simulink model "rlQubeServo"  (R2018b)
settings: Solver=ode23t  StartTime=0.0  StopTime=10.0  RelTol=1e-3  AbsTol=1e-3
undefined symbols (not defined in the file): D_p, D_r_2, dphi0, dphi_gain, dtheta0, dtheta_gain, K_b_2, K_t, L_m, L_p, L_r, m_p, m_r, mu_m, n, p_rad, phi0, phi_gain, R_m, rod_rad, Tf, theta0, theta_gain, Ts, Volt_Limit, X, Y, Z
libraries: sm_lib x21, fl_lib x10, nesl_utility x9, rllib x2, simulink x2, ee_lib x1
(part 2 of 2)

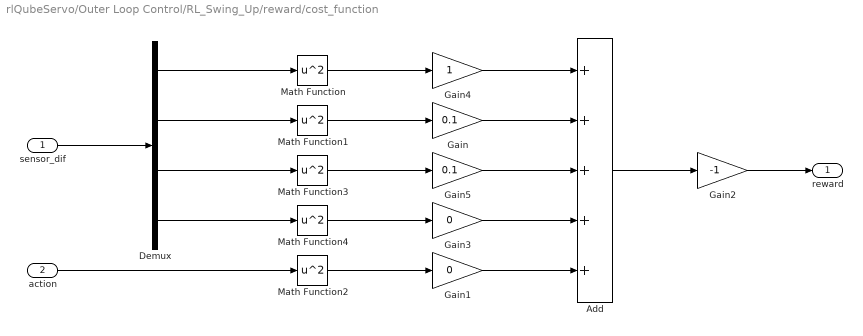
== system rlQubeServo/Outer Loop Control/RL_Swing_Up/reward/cost_function ==
  sensor_dif : Inport
  action : Inport  Port=2
  Add : Sum  Inputs=+++++
  Demux : Demux
  Gain : Gain  Gain=0.1
  Gain1 : Gain  Gain=0
  Gain2 : Gain  Gain=-1
  Gain3 : Gain  Gain=0
  Gain4 : Gain
  Gain5 : Gain  Gain=0.1
  Math Function{,1..4} (5 alike) : Math  Operator=square  SaturateOnIntegerOverflow=on
  reward : Outport
  wires:
  Math Function4/1 -> Gain3/1
  Gain4/1 -> Add/1
  Gain/1 -> Add/2
  Gain5/1 -> Add/3
  Gain3/1 -> Add/4
  Gain1/1 -> Add/5
  Gain2/1 -> reward/1
  Add/1 -> Gain2/1
  sensor_dif/1 -> Demux/1
  Demux/4 -> Math Function4/1
  Demux/3 -> Math Function3/1
  Demux/2 -> Math Function1/1
  Math Function1/1 -> Gain/1
  Math Function3/1 -> Gain5/1
  action/1 -> Math Function2/1
  Demux/1 -> Math Function/1
  Math Function/1 -> Gain4/1
  Math Function2/1 -> Gain1/1

== system rlQubeServo/Outer Loop Control/RL_Swing_Up/reward/failure_cost ==
  isdone_flag : Inport
  Add : Sum
  Constant1 : Constant  Value=0
  Constant2 : Constant  Value=0
  Constant7 : Constant  Value=0
  Gain1 : Gain  Gain=-1
  Gain2 : Gain  Gain=Ts/Tf
  Switch : Switch  Criteria=u2 > Threshold
  reward : Outport
  wires:
  Gain1/1 -> Add/1
  Constant2/1 -> Switch/3
  Constant1/1 -> Switch/1
  isdone_flag/1 -> Switch/2
  Switch/1 -> Gain1/1
  Gain2/1 -> Add/2
  Add/1 -> reward/1
  Constant7/1 -> Gain2/1

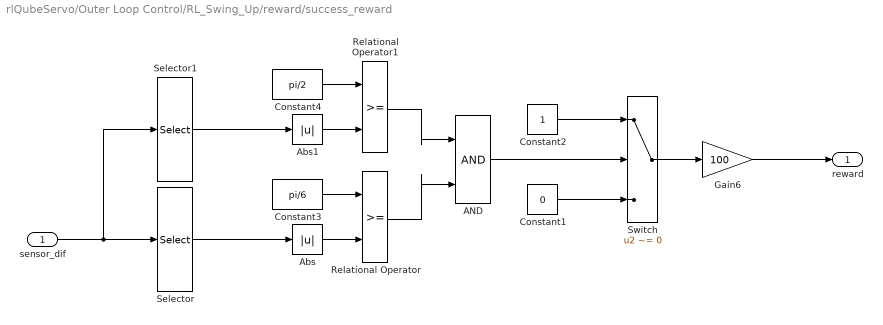
== system rlQubeServo/Outer Loop Control/RL_Swing_Up/reward/success_reward ==
  sensor_dif : Inport
  AND : Logic  IconShape=distinctive  AllPortsSameDT=off  OutDataTypeStr=boolean
  Abs : Abs
  Abs1 : Abs
  Constant1 : Constant  Value=0
  Constant2 : Constant
  Constant3 : Constant  Value=pi/6
  Constant4 : Constant  Value=pi/2
  Gain6 : Gain  Gain=100
  Relational Operator : RelationalOperator  OutDataTypeStr=boolean  RndMeth=Simplest
  Relational Operator1 : RelationalOperator  OutDataTypeStr=boolean  RndMeth=Simplest
  Selector : Selector  InputPortWidth=4  IndexOptions=Index vector (dialog)  Indices=[2]  OutputSizes=1
  Selector1 : Selector  InputPortWidth=4  IndexOptions=Index vector (dialog)  Indices=[1]  OutputSizes=1
  Switch : Switch  Criteria=u2 ~= 0
  reward : Outport
  wires:
  sensor_dif/1 -> Selector1/1, Selector/1
  Gain6/1 -> reward/1
  Selector/1 -> Abs/1
  Constant2/1 -> Switch/1
  Constant1/1 -> Switch/3
  Switch/1 -> Gain6/1
  Constant3/1 -> Relational Operator/1
  Abs/1 -> Relational Operator/2
  AND/1 -> Switch/2
  Relational Operator/1 -> AND/2
  Abs1/1 -> Relational Operator1/2
  Constant4/1 -> Relational Operator1/1
  Relational Operator1/1 -> AND/1
  Selector1/1 -> Abs1/1

== system rlQubeServo/Qube servo/Pendulum Physical Model/stopper/stopper_off ==
  Conn1 : PMIOPort  Side=Left
  Conn2 : PMIOPort  Port=2  Side=Right

== system rlQubeServo/Qube servo/Pendulum Physical Model/stopper/stopper_on ==
  Spatial Contact Force : sm_lib/Forces and Torques/Spatial Contact Force  NormalForceType=SmoothSpringDamper  NormalStiffness=1e6  NormalStiffnessUnits=N/m  NormalDamping=1e3  NormalDampingUnits=N/(m/s)  NormalTransitionRegionWidth=1e-4  NormalTransitionRegionWidthUnits=m  FrictionType=SmoothStickSlip  CoefficientOfStaticFriction=0.5  CoefficientOfDynamicFriction=0.3  FrictionalCriticalVelocity=1e-3  FrictionalCriticalVelocityUnits=m/s  SenseContactSignal=off  SensePenetrationDepth=off  SenseSeparationDistance=off  SenseNormalForceMagnitude=off  SenseFrictionalForceMagnitude=off  SenseNormalVelocity=off  SenseTangentialVelocity=off  SenseContactBaseRotation=off  SenseContactBaseTranslation=off  SenseContactFollowerRotation=off  SenseContactFollowerTranslation=off  ZeroCrossDetectContactStartAndEnd=off
  Conn1 : PMIOPort  Side=Left
  Conn2 : PMIOPort  Port=2  Side=Right
  connections:
  Spatial Contact Force/RConn1 -- Conn2/RConn1
  Conn1/RConn1 -- Spatial Contact Force/LConn1

== system rlQubeServo/Outer Loop Control/RL_Mode_Select/reward/change_angle_range/change_angle_range ==
  In_angle : Inport
  Constant3 : Constant  Value=pi  OutDataTypeStr=Inherit: Inherit via back propagation
  Constant4 : Constant  Value=2*pi  OutDataTypeStr=Inherit: Inherit via back propagation
  Constant6 : Constant  Value=-pi  OutDataTypeStr=Inherit: Inherit via back propagation
  Relational Operator2 : RelationalOperator  Operator=<  OutDataTypeStr=boolean  RndMeth=Nearest
  Relational Operator3 : RelationalOperator  Operator=>  OutDataTypeStr=boolean  RndMeth=Nearest
  Sum10 : Sum  Inputs=|++
  Sum9 : Sum  Inputs=|+-
  Switch8 : Switch  Criteria=u2 ~= 0
  Switch9 : Switch  Criteria=u2 ~= 0
  Out_angle : Outport
  wires:
  Switch9/1 -> Out_angle/1
  Sum9/1 -> Switch8/3
  Switch8/1 -> Switch9/1, Sum10/1, Relational Operator3/1
  Sum10/1 -> Switch9/3
  Constant4/1 -> Sum9/2, Sum10/2
  Constant3/1 -> Relational Operator2/2
  Relational Operator3/1 -> Switch9/2
  In_angle/1 -> Switch8/1, Sum9/1, Relational Operator2/1
  Relational Operator2/1 -> Switch8/2
  Constant6/1 -> Relational Operator3/2

== system rlQubeServo/Outer Loop Control/RL_Mode_Select/reward/change_angle_range/change_angle_range1 ==
  In_angle : Inport
  Constant3 : Constant  Value=pi  OutDataTypeStr=Inherit: Inherit via back propagation
  Constant4 : Constant  Value=2*pi  OutDataTypeStr=Inherit: Inherit via back propagation
  Constant6 : Constant  Value=-pi  OutDataTypeStr=Inherit: Inherit via back propagation
  Relational Operator2 : RelationalOperator  Operator=<  OutDataTypeStr=boolean  RndMeth=Nearest
  Relational Operator3 : RelationalOperator  Operator=>  OutDataTypeStr=boolean  RndMeth=Nearest
  Sum10 : Sum  Inputs=|++
  Sum9 : Sum  Inputs=|+-
  Switch8 : Switch  Criteria=u2 ~= 0
  Switch9 : Switch  Criteria=u2 ~= 0
  Out_angle : Outport
  wires:
  Switch9/1 -> Out_angle/1
  Sum9/1 -> Switch8/3
  Switch8/1 -> Switch9/1, Sum10/1, Relational Operator3/1
  Sum10/1 -> Switch9/3
  Constant4/1 -> Sum9/2, Sum10/2
  Constant3/1 -> Relational Operator2/2
  Relational Operator3/1 -> Switch9/2
  In_angle/1 -> Switch8/1, Sum9/1, Relational Operator2/1
  Relational Operator2/1 -> Switch8/2
  Constant6/1 -> Relational Operator3/2

== system rlQubeServo/Outer Loop Control/RL_Mode_Select/reward/change_angle_range/mod_2pi ==
  In_angle : Inport
  MATLAB Function : MATLAB Function  TreatAsAtomicUnit=on
  Out_angle : Outport
  wires:
  In_angle/1 -> MATLAB Function/1(u)
  MATLAB Function/1(y) -> Out_angle/1

== system rlQubeServo/Outer Loop Control/RL_Mode_Select/reward/change_angle_range/mod_2pi1 ==
  In_angle : Inport
  MATLAB Function : MATLAB Function  TreatAsAtomicUnit=on
  Out_angle : Outport
  wires:
  In_angle/1 -> MATLAB Function/1(u)
  MATLAB Function/1(y) -> Out_angle/1

== system rlQubeServo/Outer Loop Control/RL_Swing_Up/reward/change_angle_range/change_angle_range ==
  In_angle : Inport
  Constant3 : Constant  Value=pi  OutDataTypeStr=Inherit: Inherit via back propagation
  Constant4 : Constant  Value=2*pi  OutDataTypeStr=Inherit: Inherit via back propagation
  Constant6 : Constant  Value=-pi  OutDataTypeStr=Inherit: Inherit via back propagation
  Relational Operator2 : RelationalOperator  Operator=<  OutDataTypeStr=boolean  RndMeth=Nearest
  Relational Operator3 : RelationalOperator  Operator=>  OutDataTypeStr=boolean  RndMeth=Nearest
  Sum10 : Sum  Inputs=|++
  Sum9 : Sum  Inputs=|+-
  Switch8 : Switch  Criteria=u2 ~= 0
  Switch9 : Switch  Criteria=u2 ~= 0
  Out_angle : Outport
  wires:
  Switch9/1 -> Out_angle/1
  Sum9/1 -> Switch8/3
  Switch8/1 -> Switch9/1, Sum10/1, Relational Operator3/1
  Sum10/1 -> Switch9/3
  Constant4/1 -> Sum9/2, Sum10/2
  Constant3/1 -> Relational Operator2/2
  Relational Operator3/1 -> Switch9/2
  In_angle/1 -> Switch8/1, Sum9/1, Relational Operator2/1
  Relational Operator2/1 -> Switch8/2
  Constant6/1 -> Relational Operator3/2

== system rlQubeServo/Outer Loop Control/RL_Swing_Up/reward/change_angle_range/change_angle_range1 ==
  In_angle : Inport
  Constant3 : Constant  Value=pi  OutDataTypeStr=Inherit: Inherit via back propagation
  Constant4 : Constant  Value=2*pi  OutDataTypeStr=Inherit: Inherit via back propagation
  Constant6 : Constant  Value=-pi  OutDataTypeStr=Inherit: Inherit via back propagation
  Relational Operator2 : RelationalOperator  Operator=<  OutDataTypeStr=boolean  RndMeth=Nearest
  Relational Operator3 : RelationalOperator  Operator=>  OutDataTypeStr=boolean  RndMeth=Nearest
  Sum10 : Sum  Inputs=|++
  Sum9 : Sum  Inputs=|+-
  Switch8 : Switch  Criteria=u2 ~= 0
  Switch9 : Switch  Criteria=u2 ~= 0
  Out_angle : Outport
  wires:
  Switch9/1 -> Out_angle/1
  Sum9/1 -> Switch8/3
  Switch8/1 -> Switch9/1, Sum10/1, Relational Operator3/1
  Sum10/1 -> Switch9/3
  Constant4/1 -> Sum9/2, Sum10/2
  Constant3/1 -> Relational Operator2/2
  Relational Operator3/1 -> Switch9/2
  In_angle/1 -> Switch8/1, Sum9/1, Relational Operator2/1
  Relational Operator2/1 -> Switch8/2
  Constant6/1 -> Relational Operator3/2

== system rlQubeServo/Outer Loop Control/RL_Swing_Up/reward/change_angle_range/mod_2pi ==
  In_angle : Inport
  MATLAB Function : MATLAB Function  TreatAsAtomicUnit=on
  Out_angle : Outport
  wires:
  In_angle/1 -> MATLAB Function/1(u)
  MATLAB Function/1(y) -> Out_angle/1

== system rlQubeServo/Outer Loop Control/RL_Swing_Up/reward/change_angle_range/mod_2pi1 ==
  In_angle : Inport
  MATLAB Function : MATLAB Function  TreatAsAtomicUnit=on
  Out_angle : Outport
  wires:
  In_angle/1 -> MATLAB Function/1(u)
  MATLAB Function/1(y) -> Out_angle/1

== matlab function rlQubeServo/Inner Loop Control/mod_2pi/MATLAB Function ==
  data: u input; y output
function y = fcn(u)

TWO_PI = 2*pi;
input = u;

if (input >= 0)
    while (input > TWO_PI)
        input = input - TWO_PI;
    end
else
    while (input < -TWO_PI)
        input = input + TWO_PI;
    end
end

y = input;

end

== matlab function rlQubeServo/Inner Loop Control/change_angle1/mod_2pi/MATLAB Function ==
  data: u input; y output
function y = fcn(u)

TWO_PI = 2*pi;
input = u;

if (input >= 0)
    while (input > TWO_PI)
        input = input - TWO_PI;
    end
else
    while (input < -TWO_PI)
        input = input + TWO_PI;
    end
end

y = input;

end

== matlab function rlQubeServo/Inner Loop Control/change_angle/mod_2pi/MATLAB Function ==
  data: u input; y output
function y = fcn(u)

TWO_PI = 2*pi;
input = u;

if (input >= 0)
    while (input > TWO_PI)
        input = input - TWO_PI;
    end
else
    while (input < -TWO_PI)
        input = input + TWO_PI;
    end
end

y = input;

end

== matlab function rlQubeServo/Outer Loop Control/RL_Swing_Up/reward/change_angle_range/mod_2pi/MATLAB Function ==
  data: u input; y output
function y = fcn(u)

TWO_PI = 2*pi;
input = u;

if (input >= 0)
    while (input > TWO_PI)
        input = input - TWO_PI;
    end
else
    while (input < -TWO_PI)
        input = input + TWO_PI;
    end
end

y = input;

end

== matlab function rlQubeServo/Outer Loop Control/RL_Swing_Up/reward/change_angle_range/mod_2pi1/MATLAB Function ==
  data: u input; y output
function y = fcn(u)

TWO_PI = 2*pi;
input = u;

if (input >= 0)
    while (input > TWO_PI)
        input = input - TWO_PI;
    end
else
    while (input < -TWO_PI)
        input = input + TWO_PI;
    end
end

y = input;

end

== matlab function rlQubeServo/Outer Loop Control/RL_Mode_Select/reward/change_angle_range/mod_2pi/MATLAB Function ==
  data: u input; y output
function y = fcn(u)

TWO_PI = 2*pi;
input = u;

if (input >= 0)
    while (input > TWO_PI)
        input = input - TWO_PI;
    end
else
    while (input < -TWO_PI)
        input = input + TWO_PI;
    end
end

y = input;

end

== matlab function rlQubeServo/Outer Loop Control/RL_Mode_Select/reward/change_angle_range/mod_2pi1/MATLAB Function ==
  data: u input; y output
function y = fcn(u)

TWO_PI = 2*pi;
input = u;

if (input >= 0)
    while (input > TWO_PI)
        input = input - TWO_PI;
    end
else
    while (input < -TWO_PI)
        input = input + TWO_PI;
    end
end

y = input;

end

************

→ Task to carry out: Reply with the number of lines above in which the word "stopper" appears, and with nothing else.

→ Solved exercise: 2